Starting at the line below holding "#76=EDGE_CURVE('E107',#66,#68,#75,.T.);" and stopping at the line holding "#83=DIRECTION('',(0.,-1.,0.));", print every line exactly, both ends included, and leave the rest out.

┏━━

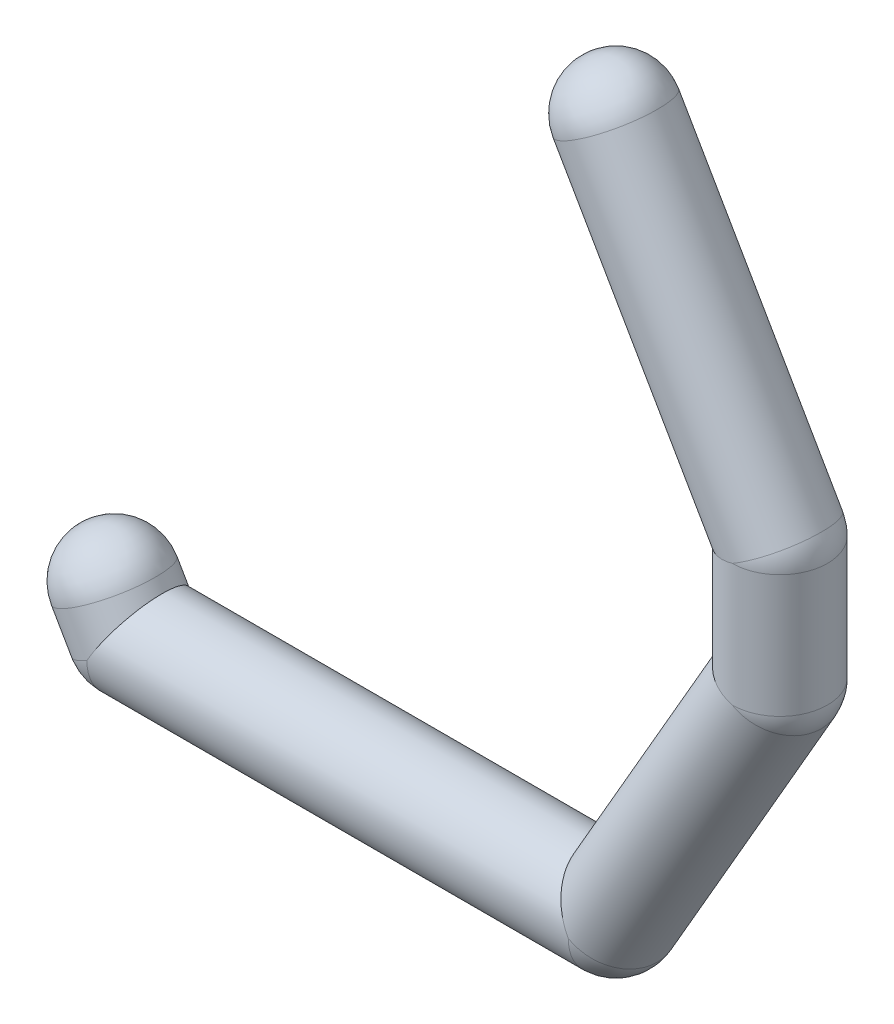
ISO-10303-21;
HEADER;
FILE_DESCRIPTION(('STEP AP214'),'2;1');
FILE_NAME('part.step','',(''),(''),'','','');
FILE_SCHEMA(('AUTOMOTIVE_DESIGN { 1 0 10303 214 1 1 1 1 }'));
ENDSEC;
DATA;
#1=APPLICATION_CONTEXT('core data for automotive mechanical design processes');
#2=APPLICATION_PROTOCOL_DEFINITION('international standard','automotive_design',2000,#1);
#3=PRODUCT_CONTEXT('',#1,'mechanical');
#4=PRODUCT('Part','Part','',(#3));
#5=PRODUCT_RELATED_PRODUCT_CATEGORY('part','',(#4));
#6=PRODUCT_DEFINITION_FORMATION('','',#4);
#7=PRODUCT_DEFINITION_CONTEXT('part definition',#1,'design');
#8=PRODUCT_DEFINITION('design','',#6,#7);
#9=PRODUCT_DEFINITION_SHAPE('','',#8);
#10=(LENGTH_UNIT() NAMED_UNIT(*) SI_UNIT(.MILLI.,.METRE.));
#11=(NAMED_UNIT(*) PLANE_ANGLE_UNIT() SI_UNIT($,.RADIAN.));
#12=(NAMED_UNIT(*) SI_UNIT($,.STERADIAN.) SOLID_ANGLE_UNIT());
#13=UNCERTAINTY_MEASURE_WITH_UNIT(LENGTH_MEASURE(1.E-05),#10,'distance_accuracy_value','');
#14=(GEOMETRIC_REPRESENTATION_CONTEXT(3) GLOBAL_UNCERTAINTY_ASSIGNED_CONTEXT((#13)) GLOBAL_UNIT_ASSIGNED_CONTEXT((#10,
#11,#12)) REPRESENTATION_CONTEXT('',''));
#15=CARTESIAN_POINT('',(0.,0.,0.));
#16=DIRECTION('',(0.,0.,1.));
#17=DIRECTION('',(1.,0.,0.));
#18=AXIS2_PLACEMENT_3D('',#15,#16,#17);
#19=CARTESIAN_POINT('',(18.741,-5.4,1.125));
#20=DIRECTION('',(1.,0.,0.));
#21=DIRECTION('',(0.,-1.,0.));
#22=AXIS2_PLACEMENT_3D('',#19,#20,#21);
#23=SPHERICAL_SURFACE('',#22,0.24);
#24=CARTESIAN_POINT('',(18.741,-5.4,1.125));
#25=DIRECTION('',(-0.50142378241352,0.865201820635,0.));
#26=DIRECTION('',(-0.865201820635,-0.50142378241352,0.));
#27=AXIS2_PLACEMENT_3D('',#24,#25,#26);
#28=CIRCLE('',#27,0.239999999999999);
#29=CARTESIAN_POINT('',(18.741,-5.4,0.885000000000001));
#30=VERTEX_POINT('',#29);
#31=CARTESIAN_POINT('',(18.741,-5.4,1.365));
#32=VERTEX_POINT('',#31);
#33=EDGE_CURVE('E102',#30,#32,#28,.T.);
#34=ORIENTED_EDGE('',*,*,#33,.F.);
#35=CARTESIAN_POINT('',(18.741,-5.4,1.125));
#36=DIRECTION('',(-1.,0.,0.));
#37=DIRECTION('',(0.,0.,1.));
#38=AXIS2_PLACEMENT_3D('',#35,#36,#37);
#39=CIRCLE('',#38,0.24);
#40=EDGE_CURVE('E103',#32,#30,#39,.F.);
#41=ORIENTED_EDGE('',*,*,#40,.F.);
#42=EDGE_LOOP('',(#34,#41));
#43=FACE_BOUND('',#42,.T.);
#44=ADVANCED_FACE('F63',(#43),#23,.T.);
#45=CARTESIAN_POINT('',(21.166,-5.4,1.125));
#46=DIRECTION('',(-1.,0.,0.));
#47=DIRECTION('',(0.,0.,1.));
#48=AXIS2_PLACEMENT_3D('',#45,#46,#47);
#49=CYLINDRICAL_SURFACE('',#48,0.24);
#50=CARTESIAN_POINT('',(18.741,-5.4,1.125));
#51=DIRECTION('',(-0.86643631687894,0.499287601281323,0.));
#52=DIRECTION('',(-0.499287601281323,-0.86643631687894,0.));
#53=AXIS2_PLACEMENT_3D('',#50,#51,#52);
#54=ELLIPSE('',#53,0.276996699381811,0.239999999999999);
#55=EDGE_CURVE('E76',#32,#30,#54,.T.);
#56=ORIENTED_EDGE('',*,*,#55,.F.);
#57=ORIENTED_EDGE('',*,*,#40,.T.);
#58=EDGE_LOOP('',(#56,#57));
#59=FACE_BOUND('',#58,.T.);
#60=CARTESIAN_POINT('',(21.166,-5.4,1.125));
#61=DIRECTION('',(-0.866000737383216,-0.500042721026639,0.));
#62=DIRECTION('',(-0.50004272102664,0.866000737383216,0.));
#63=AXIS2_PLACEMENT_3D('',#60,#61,#62);
#64=ELLIPSE('',#63,0.277136022684236,0.24);
#65=CARTESIAN_POINT('',(21.166,-5.4,0.885));
#66=VERTEX_POINT('',#65);
#67=CARTESIAN_POINT('',(21.166,-5.4,1.365));
#68=VERTEX_POINT('',#67);
#69=EDGE_CURVE('E70',#66,#68,#64,.F.);
#70=ORIENTED_EDGE('',*,*,#69,.F.);
#71=CARTESIAN_POINT('',(21.166,-5.4,1.125));
#72=DIRECTION('',(-1.,0.,0.));
#73=DIRECTION('',(0.,0.,1.));
#74=AXIS2_PLACEMENT_3D('',#71,#72,#73);
#75=CIRCLE('',#74,0.24);
#76=EDGE_CURVE('E107',#66,#68,#75,.T.);
#77=ORIENTED_EDGE('',*,*,#76,.T.);
#78=EDGE_LOOP('',(#70,#77));
#79=FACE_BOUND('',#78,.T.);
#80=ADVANCED_FACE('F106',(#59,#79),#49,.T.);
#81=CARTESIAN_POINT('',(21.166,-5.4,1.125));
#82=DIRECTION('',(1.,0.,0.));
#83=DIRECTION('',(0.,-1.,0.));
#84=AXIS2_PLACEMENT_3D('',#81,#82,#83);
#85=SPHERICAL_SURFACE('',#84,0.24);
#86=ORIENTED_EDGE('',*,*,#76,.F.);
#87=CARTESIAN_POINT('',(21.166,-5.4,1.125));
#88=DIRECTION('',(-0.499914554296549,-0.86607473026436,0.));
#89=DIRECTION('',(0.86607473026436,-0.499914554296549,0.));
#90=AXIS2_PLACEMENT_3D('',#87,#88,#89);
#91=CIRCLE('',#90,0.24);
#92=EDGE_CURVE('E128',#68,#66,#91,.F.);
#93=ORIENTED_EDGE('',*,*,#92,.F.);
#94=EDGE_LOOP('',(#86,#93));
#95=FACE_BOUND('',#94,.T.);
#96=ADVANCED_FACE('F138',(#95),#85,.T.);
#97=CARTESIAN_POINT('',(21.992,-3.96899999999999,1.125));
#98=DIRECTION('',(-0.499914554296549,-0.86607473026436,0.));
#99=DIRECTION('',(0.86607473026436,-0.499914554296549,0.));
#100=AXIS2_PLACEMENT_3D('',#97,#98,#99);
#101=CYLINDRICAL_SURFACE('',#100,0.24);
#102=CARTESIAN_POINT('',(21.992,-3.96899999999999,1.125));
#103=DIRECTION('',(-0.258771394995313,-0.965938592837133,0.));
#104=DIRECTION('',(-0.965938592837133,0.258771394995313,0.));
#105=AXIS2_PLACEMENT_3D('',#102,#103,#104);
#106=ELLIPSE('',#105,0.248462999387029,0.24);
#107=CARTESIAN_POINT('',(21.992,-3.96899999999999,0.885));
#108=VERTEX_POINT('',#107);
#109=CARTESIAN_POINT('',(21.992,-3.969,1.365));
#110=VERTEX_POINT('',#109);
#111=EDGE_CURVE('E131',#108,#110,#106,.F.);
#112=ORIENTED_EDGE('',*,*,#111,.F.);
#113=CARTESIAN_POINT('',(21.992,-3.96899999999999,1.125));
#114=DIRECTION('',(-0.499914554296552,-0.866074730264358,0.));
#115=DIRECTION('',(0.866074730264358,-0.499914554296552,0.));
#116=AXIS2_PLACEMENT_3D('',#113,#114,#115);
#117=CIRCLE('',#116,0.24);
#118=EDGE_CURVE('E126',#108,#110,#117,.T.);
#119=ORIENTED_EDGE('',*,*,#118,.T.);
#120=EDGE_LOOP('',(#112,#119));
#121=FACE_BOUND('',#120,.T.);
#122=ORIENTED_EDGE('',*,*,#92,.T.);
#123=ORIENTED_EDGE('',*,*,#69,.T.);
#124=EDGE_LOOP('',(#122,#123));
#125=FACE_BOUND('',#124,.T.);
#126=ADVANCED_FACE('F136',(#121,#125),#101,.T.);
#127=CARTESIAN_POINT('',(21.992,-3.969,1.125));
#128=DIRECTION('',(1.,0.,0.));
#129=DIRECTION('',(0.,-1.,0.));
#130=AXIS2_PLACEMENT_3D('',#127,#128,#129);
#131=SPHERICAL_SURFACE('',#130,0.24);
#132=ORIENTED_EDGE('',*,*,#118,.F.);
#133=CARTESIAN_POINT('',(21.992,-3.969,1.125));
#134=DIRECTION('',(0.,-1.,0.));
#135=DIRECTION('',(0.,0.,-1.));
#136=AXIS2_PLACEMENT_3D('',#133,#134,#135);
#137=CIRCLE('',#136,0.24);
#138=EDGE_CURVE('E120',#110,#108,#137,.F.);
#139=ORIENTED_EDGE('',*,*,#138,.F.);
#140=EDGE_LOOP('',(#132,#139));
#141=FACE_BOUND('',#140,.T.);
#142=ADVANCED_FACE('F152',(#141),#131,.T.);
#143=CARTESIAN_POINT('',(21.992,-3.351,1.125));
#144=DIRECTION('',(0.,-1.,0.));
#145=DIRECTION('',(0.,0.,-1.));
#146=AXIS2_PLACEMENT_3D('',#143,#144,#145);
#147=CYLINDRICAL_SURFACE('',#146,0.240000000000001);
#148=CARTESIAN_POINT('',(21.992,-3.35100000000001,1.125));
#149=DIRECTION('',(0.258771394995313,-0.965938592837132,0.));
#150=DIRECTION('',(-0.965938592837132,-0.258771394995313,0.));
#151=AXIS2_PLACEMENT_3D('',#148,#149,#150);
#152=ELLIPSE('',#151,0.248462999387029,0.24);
#153=CARTESIAN_POINT('',(21.992,-3.351,0.885));
#154=VERTEX_POINT('',#153);
#155=CARTESIAN_POINT('',(21.992,-3.351,1.365));
#156=VERTEX_POINT('',#155);
#157=EDGE_CURVE('E123',#154,#156,#152,.F.);
#158=ORIENTED_EDGE('',*,*,#157,.F.);
#159=CARTESIAN_POINT('',(21.992,-3.351,1.125));
#160=DIRECTION('',(0.,-1.,0.));
#161=DIRECTION('',(0.,0.,-1.));
#162=AXIS2_PLACEMENT_3D('',#159,#160,#161);
#163=CIRCLE('',#162,0.240000000000001);
#164=EDGE_CURVE('E117',#154,#156,#163,.T.);
#165=ORIENTED_EDGE('',*,*,#164,.T.);
#166=EDGE_LOOP('',(#158,#165));
#167=FACE_BOUND('',#166,.T.);
#168=ORIENTED_EDGE('',*,*,#138,.T.);
#169=ORIENTED_EDGE('',*,*,#111,.T.);
#170=EDGE_LOOP('',(#168,#169));
#171=FACE_BOUND('',#170,.T.);
#172=ADVANCED_FACE('F156',(#167,#171),#147,.T.);
#173=CARTESIAN_POINT('',(21.992,-3.351,1.125));
#174=DIRECTION('',(1.,0.,0.));
#175=DIRECTION('',(0.,-1.,0.));
#176=AXIS2_PLACEMENT_3D('',#173,#174,#175);
#177=SPHERICAL_SURFACE('',#176,0.24);
#178=ORIENTED_EDGE('',*,*,#164,.F.);
#179=CARTESIAN_POINT('',(21.992,-3.35100000000001,1.125));
#180=DIRECTION('',(0.499914554296552,-0.866074730264358,0.));
#181=DIRECTION('',(0.866074730264358,0.499914554296552,0.));
#182=AXIS2_PLACEMENT_3D('',#179,#180,#181);
#183=CIRCLE('',#182,0.24);
#184=EDGE_CURVE('E113',#154,#156,#183,.T.);
#185=ORIENTED_EDGE('',*,*,#184,.T.);
#186=EDGE_LOOP('',(#178,#185));
#187=FACE_BOUND('',#186,.T.);
#188=ADVANCED_FACE('F160',(#187),#177,.T.);
#189=CARTESIAN_POINT('',(21.166,-1.92000000000001,1.125));
#190=DIRECTION('',(0.499914554296549,-0.86607473026436,0.));
#191=DIRECTION('',(0.86607473026436,0.499914554296549,0.));
#192=AXIS2_PLACEMENT_3D('',#189,#190,#191);
#193=CYLINDRICAL_SURFACE('',#192,0.24);
#194=ORIENTED_EDGE('',*,*,#184,.F.);
#195=ORIENTED_EDGE('',*,*,#157,.T.);
#196=EDGE_LOOP('',(#194,#195));
#197=FACE_BOUND('',#196,.T.);
#198=CARTESIAN_POINT('',(21.166,-1.92000000000001,1.125));
#199=DIRECTION('',(0.499914554296552,-0.866074730264358,0.));
#200=DIRECTION('',(0.866074730264358,0.499914554296552,0.));
#201=AXIS2_PLACEMENT_3D('',#198,#199,#200);
#202=CIRCLE('',#201,0.24);
#203=CARTESIAN_POINT('',(21.3738579352634,-1.80002050696883,1.125));
#204=VERTEX_POINT('',#203);
#205=EDGE_CURVE('E110',#204,#204,#202,.T.);
#206=ORIENTED_EDGE('',*,*,#205,.T.);
#207=EDGE_LOOP('',(#206));
#208=FACE_BOUND('',#207,.T.);
#209=ADVANCED_FACE('F165',(#197,#208),#193,.T.);
#210=CARTESIAN_POINT('',(21.166,-1.92,1.125));
#211=DIRECTION('',(1.,0.,0.));
#212=DIRECTION('',(0.,-1.,0.));
#213=AXIS2_PLACEMENT_3D('',#210,#211,#212);
#214=SPHERICAL_SURFACE('',#213,0.24);
#215=CARTESIAN_POINT('',(21.166,-1.92,1.125));
#216=DIRECTION('',(0.499914554296552,-0.866074730264358,0.));
#217=DIRECTION('',(0.866074730264358,0.499914554296552,0.));
#218=AXIS2_PLACEMENT_3D('',#215,#216,#217);
#219=SPHERICAL_SURFACE('',#218,0.24);
#220=ORIENTED_EDGE('',*,*,#205,.F.);
#221=EDGE_LOOP('',(#220));
#222=FACE_BOUND('',#221,.T.);
#223=ADVANCED_FACE('F162',(#222),#219,.T.);
#224=CARTESIAN_POINT('',(18.741,-5.4,1.125));
#225=DIRECTION('',(-0.501423782413485,0.86520182063502,0.));
#226=DIRECTION('',(-0.86520182063502,-0.501423782413485,0.));
#227=AXIS2_PLACEMENT_3D('',#224,#225,#226);
#228=CYLINDRICAL_SURFACE('',#227,0.239999999999999);
#229=CARTESIAN_POINT('',(18.639,-5.224,1.125));
#230=DIRECTION('',(-0.501423782413485,0.86520182063502,0.));
#231=DIRECTION('',(-0.86520182063502,-0.501423782413485,0.));
#232=AXIS2_PLACEMENT_3D('',#229,#230,#231);
#233=CIRCLE('',#232,0.24);
#234=CARTESIAN_POINT('',(18.4313515630476,-5.34434170777924,1.125));
#235=VERTEX_POINT('',#234);
#236=EDGE_CURVE('E12',#235,#235,#233,.F.);
#237=ORIENTED_EDGE('',*,*,#236,.T.);
#238=EDGE_LOOP('',(#237));
#239=FACE_BOUND('',#238,.T.);
#240=ORIENTED_EDGE('',*,*,#33,.T.);
#241=ORIENTED_EDGE('',*,*,#55,.T.);
#242=EDGE_LOOP('',(#240,#241));
#243=FACE_BOUND('',#242,.T.);
#244=ADVANCED_FACE('F109',(#239,#243),#228,.T.);
#245=CARTESIAN_POINT('',(18.639,-5.224,1.125));
#246=DIRECTION('',(1.,0.,0.));
#247=DIRECTION('',(0.,-1.,0.));
#248=AXIS2_PLACEMENT_3D('',#245,#246,#247);
#249=SPHERICAL_SURFACE('',#248,0.24);
#250=CARTESIAN_POINT('',(18.639,-5.224,1.125));
#251=DIRECTION('',(-0.501423782413485,0.86520182063502,0.));
#252=DIRECTION('',(-0.86520182063502,-0.501423782413485,0.));
#253=AXIS2_PLACEMENT_3D('',#250,#251,#252);
#254=SPHERICAL_SURFACE('',#253,0.24);
#255=ORIENTED_EDGE('',*,*,#236,.F.);
#256=EDGE_LOOP('',(#255));
#257=FACE_BOUND('',#256,.T.);
#258=ADVANCED_FACE('F146',(#257),#254,.T.);
#259=CLOSED_SHELL('',(#44,#80,#96,#126,#142,#172,#188,#209,#223,#244,#258));
#260=MANIFOLD_SOLID_BREP('B2',#259);
#261=ADVANCED_BREP_SHAPE_REPRESENTATION('',(#18,#260),#14);
#262=SHAPE_DEFINITION_REPRESENTATION(#9,#261);
ENDSEC;
END-ISO-10303-21;

┗━━

**Answer section:**
#76=EDGE_CURVE('E107',#66,#68,#75,.T.);
#77=ORIENTED_EDGE('',*,*,#76,.T.);
#78=EDGE_LOOP('',(#70,#77));
#79=FACE_BOUND('',#78,.T.);
#80=ADVANCED_FACE('F106',(#59,#79),#49,.T.);
#81=CARTESIAN_POINT('',(21.166,-5.4,1.125));
#82=DIRECTION('',(1.,0.,0.));
#83=DIRECTION('',(0.,-1.,0.));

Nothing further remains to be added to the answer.